[Records drawn from a dataset]
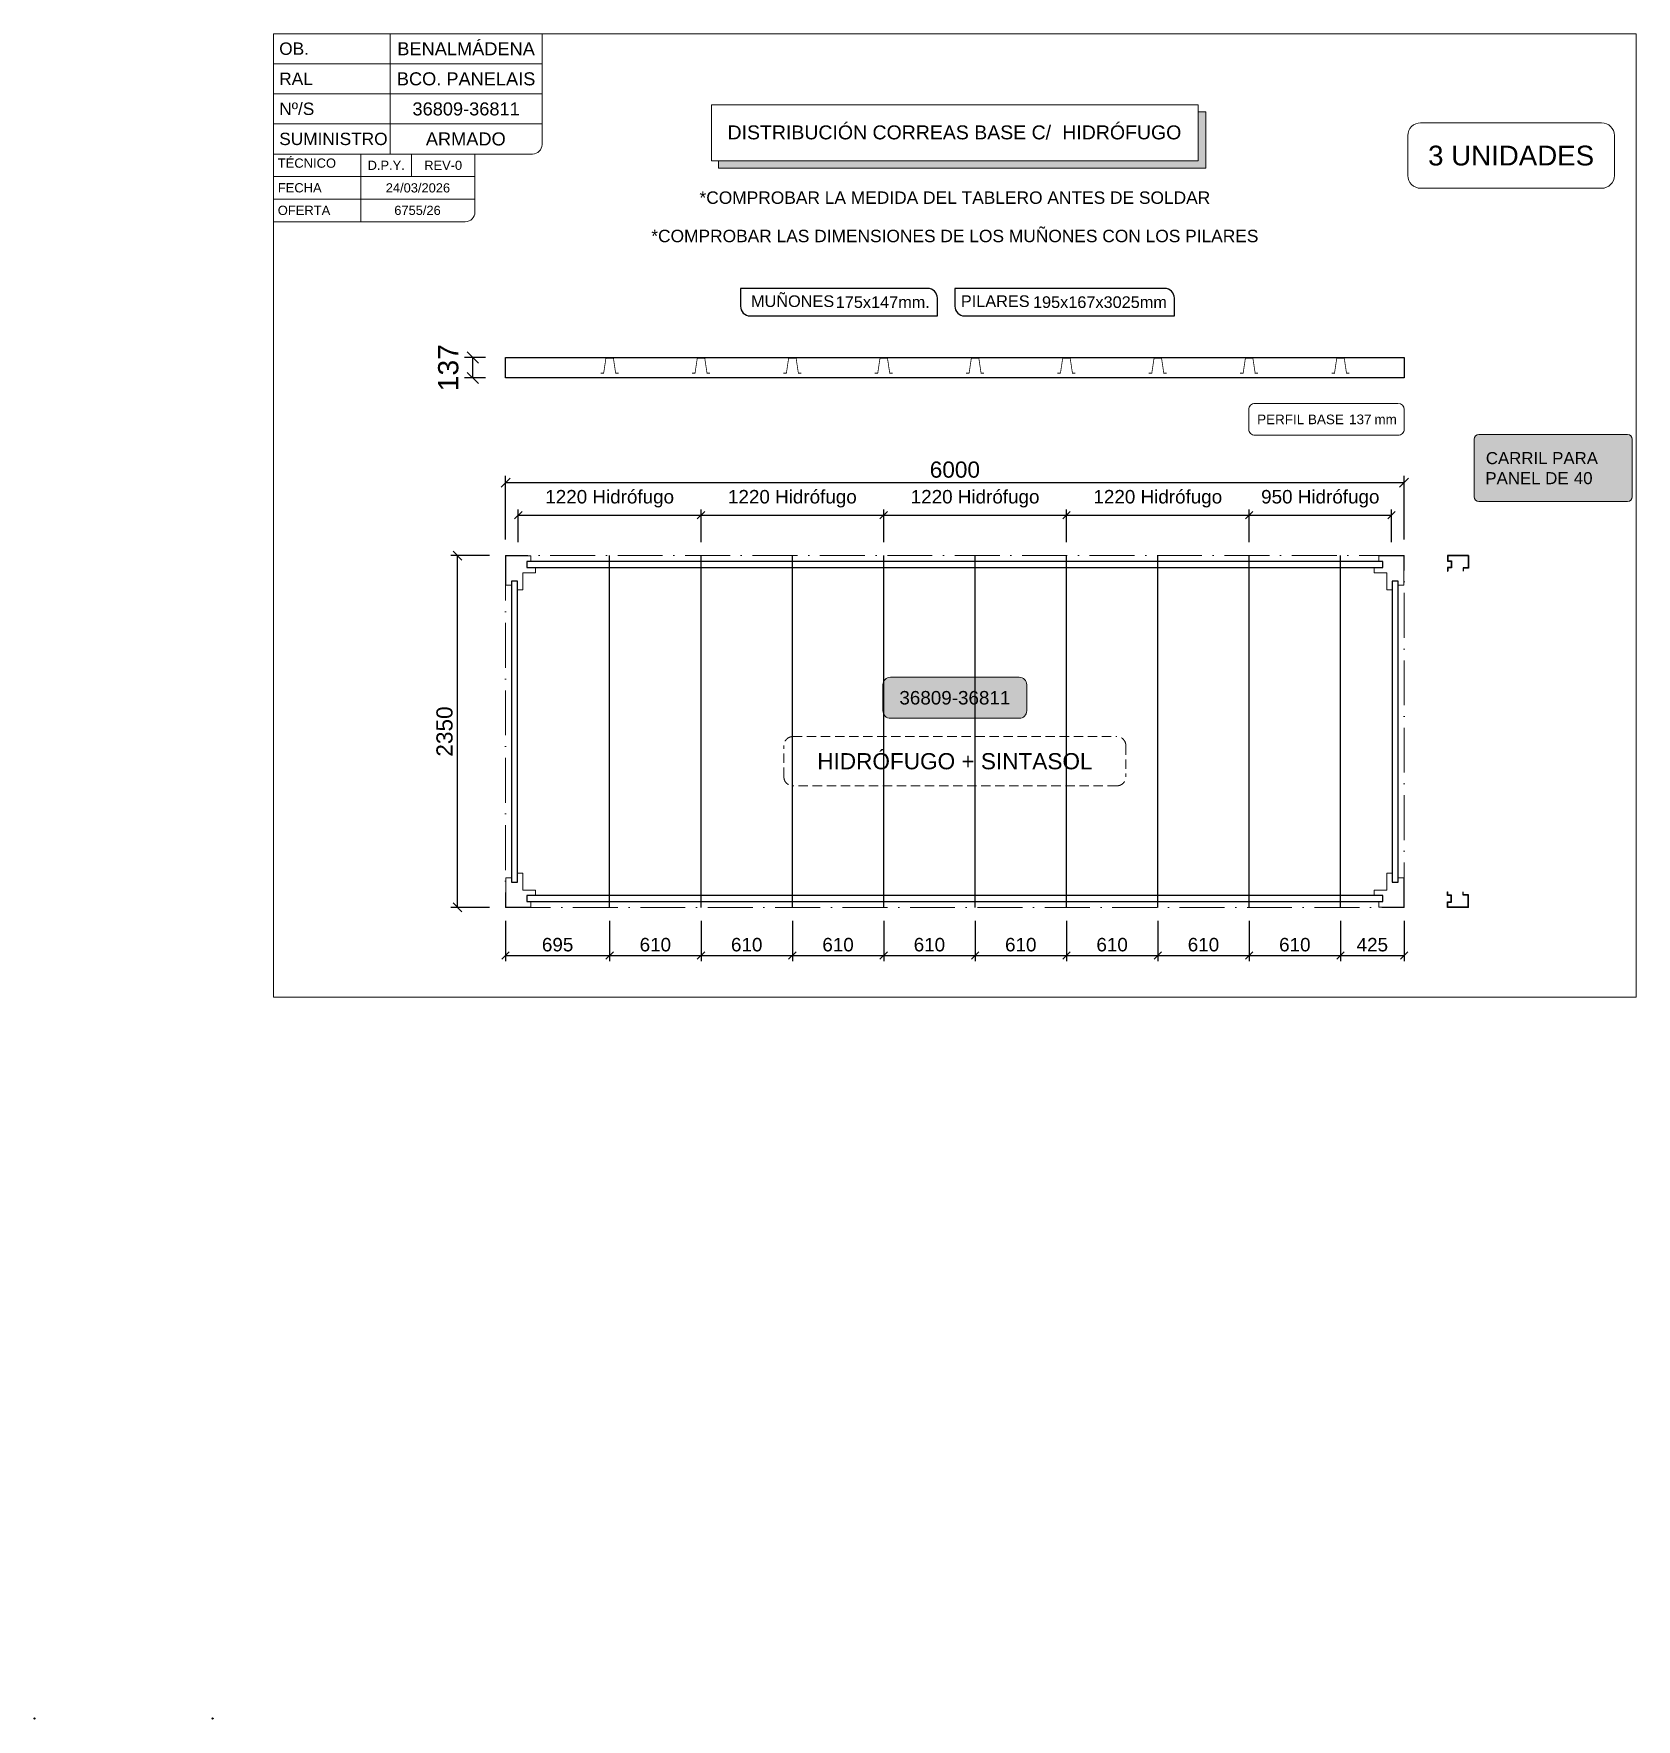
# Model space of a CAD drawing. Header units: millimetres. Extents: x 392289 to 424945, y -116011 to -104754.
# Drawn here: x 392289 to 402990, y -116011 to -104754 of the extents above; entities outside this region: 2.
import ezdxf
from ezdxf.enums import TextEntityAlignment as Align

# ---------------------------------------------------------------- set-up
doc = ezdxf.new("R2010")
doc.units = ezdxf.units.MM
doc.header["$LTSCALE"] = 25
doc.header["$PDMODE"] = 35
doc.header["$PDSIZE"] = 5
for name, pattern in [('ACAD_ISO10W100', [18, 12, -3, 0, -3]), ('TRAZO_Y_PUNTO', [1, 0.5, -0.25, 0, -0.25]), ('TRAZOS2', [0.375, 0.25, -0.125])]:
    doc.linetypes.add(name, pattern=pattern)
for name, color, linetype in [('_A-SOMBREJAT BLANC', 7, 'Continuous'), ('ALZ-CER-DIB', 8, 'Continuous'), ('ALZ-EST-BA-DIB', 3, 'Continuous'), ('CARRIL', 8, 'Continuous'), ('CORREAS', 4, 'Continuous'), ('PL-CER-DIB', 3, 'Continuous'), ('PL-EST-BA-EJE', 8, 'TRAZO_Y_PUNTO'), ('SOMBRAS', 7, 'Continuous'), ('TEXTO', 2, 'Continuous')]:
    doc.layers.add(name, color=color, linetype=linetype)
for name, color, linetype, lineweight in [('Cotas', 1, 'Continuous', 13), ('PL-LIM-CASETA', 8, 'ACAD_ISO10W100', 9), ('PL-PILARES', 2, 'Continuous', 18)]:
    doc.layers.add(name, color=color, linetype=linetype, lineweight=lineweight)
doc.styles.add('ARIAL', font='arial.ttf')
doc.styles.get("Standard").update_dxf_attribs({"font": 'arial.ttf'})
doc.dimstyles.new('PMP-T-50', dxfattribs={"dimscale": 50, "dimtxt": 1.8, "dimasz": 1, "dimexe": 0.75, "dimexo": 1.8, "dimgap": 0.5400000000000001, "dimtad": 1, "dimdec": 0, "dimtxsty": 'ARIAL', "dimblk1": 'OBLIQUE', "dimblk2": 'OBLIQUE', "dimsah": 1, "dimcen": 1, "dimdle": 0.75, "dimazin": 3, "dimtfac": 1, "dimtdec": 0, "dimtmove": 0, "dimatfit": 3, "dimldrblk": 'OBLIQUE'})
doc.dimstyles.new('PMP-T-60', dxfattribs={"dimscale": 60, "dimtxt": 1.8, "dimasz": 1, "dimexe": 0.75, "dimexo": 1.8, "dimgap": 0.5400000000000001, "dimtad": 1, "dimdec": 0, "dimtxsty": 'ARIAL', "dimblk1": 'OBLIQUE', "dimblk2": 'OBLIQUE', "dimsah": 1, "dimcen": 1, "dimdle": 0.75, "dimazin": 3, "dimtfac": 1, "dimtdec": 0, "dimtmove": 0, "dimatfit": 3, "dimldrblk": 'OBLIQUE'})
doc.dimstyles.new('PMP-T-75', dxfattribs={"dimscale": 75, "dimtxt": 1.8, "dimasz": 1, "dimexe": 0.75, "dimexo": 1.8, "dimgap": 0.5400000000000001, "dimtad": 1, "dimdec": 0, "dimtxsty": 'ARIAL', "dimblk1": 'OBLIQUE', "dimblk2": 'OBLIQUE', "dimsah": 1, "dimcen": 1, "dimdle": 0.75, "dimazin": 3, "dimtfac": 1, "dimtdec": 0, "dimtmove": 0, "dimatfit": 3, "dimldrblk": 'OBLIQUE'})

# ---------------------------------------------------------------- blocks, each defined once
blk = doc.blocks.new('PL - pilar 2300')
at = {"layer": 'PL-PILARES'}
for p, q in [((-200, -79.99999999997091), (-141.9999999998836, -80)), ((-200, -79.99999999997091), (-200, -114.9999999999709)), ((-169, -2.0000000000291), (-169, -40.0000000000291)), ((-2, -2.0000000000291), (-169, -2.0000000000291)), ((-169, -40.0000000000291), (-141.9999999999418, -40)), ((-141.9999999999418, -40), (-141.9999999998836, -80)), ((0, -1.45519e-11), (-2, -1.45519e-11)), ((-2, -197.0000000000291), (-2, -2.0000000000291)), ((-200, -114.9999999999709), (-114.9999999999418, -114.9999999999709)), ((-114.9999999998836, -228.0000000000291), (-114.9999999999418, -114.9999999999709)), ((-40, -170.0000000000291), (-79.99999999994179, -170.0000000000291)), ((-79.99999999994179, -170.0000000000291), (-79.99999999994179, -228.0000000000291)), ((-40, -170.0000000000291), (-40, -197.0000000000291)), ((-79.99999999988357, -228.0000000000291), (-114.9999999998836, -228.0000000000291))]:
    blk.add_line(p, q, dxfattribs=at)
blk.add_lwpolyline([(-40, -197.0000000000291), (-2, -197.0000000000291)], dxfattribs=at)
blk = doc.blocks.new('_OBLIQUE')
at = {"color": 0, "linetype": 'ByBlock'}
blk.add_line((-0.5, -0.5), (0.5, 0.5), dxfattribs=at)
blk = doc.blocks.new('*D1')
for p, q in [((395440, -110679.4), (395440, -110947.9)), ((396135, -110679.4), (396135, -110947.9)), ((395440, -110910.4), (396135, -110910.4))]:
    blk.add_line(p, q)
at = {"layer": 'Defpoints'}
for p in [(395440, -110589.4), (396135, -110589.4), (395440, -110910.4)]:
    blk.add_point(p, dxfattribs=at)
at = {"layer": 'Cotas', "xscale": 50, "yscale": 50, "rotation": 180}
blk.add_blockref('_OBLIQUE', (395440, -110910.4), dxfattribs=at)
at = {"layer": 'Cotas', "xscale": 50, "yscale": 50}
blk.add_blockref('_OBLIQUE', (396135, -110910.4), dxfattribs=at)
at = {"layer": 'Cotas', "insert": (395787.5, -110838.4), "char_height": 90, "attachment_point": 5, "style": 'ARIAL'}
blk.add_mtext('695', dxfattribs=at)
blk = doc.blocks.new('*D52')
for p, q in [((396135, -110679.4), (396135, -110947.9)), ((396745, -110679.4), (396745, -110947.9)), ((396135, -110910.4), (396745, -110910.4))]:
    blk.add_line(p, q)
at = {"layer": 'Defpoints'}
for p in [(396135, -110589.4), (396745, -110589.4), (396135, -110910.4)]:
    blk.add_point(p, dxfattribs=at)
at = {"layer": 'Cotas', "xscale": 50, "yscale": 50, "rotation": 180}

> Work order
Out of the data above, transcribe exactly and only the lines starting with the line that has "doc.linetypes.add(name, pattern=pattern)" and going on through the line that has "for name, color, linetype in", both included.

> Solution
    doc.linetypes.add(name, pattern=pattern)
for name, color, linetype in [('_A-SOMBREJAT BLANC', 7, 'Continuous'), ('ALZ-CER-DIB', 8, 'Continuous'), ('ALZ-EST-BA-DIB', 3, 'Continuous'), ('CARRIL', 8, 'Continuous'), ('CORREAS', 4, 'Continuous'), ('PL-CER-DIB', 3, 'Continuous'), ('PL-EST-BA-EJE', 8, 'TRAZO_Y_PUNTO'), ('SOMBRAS', 7, 'Continuous'), ('TEXTO', 2, 'Continuous')]:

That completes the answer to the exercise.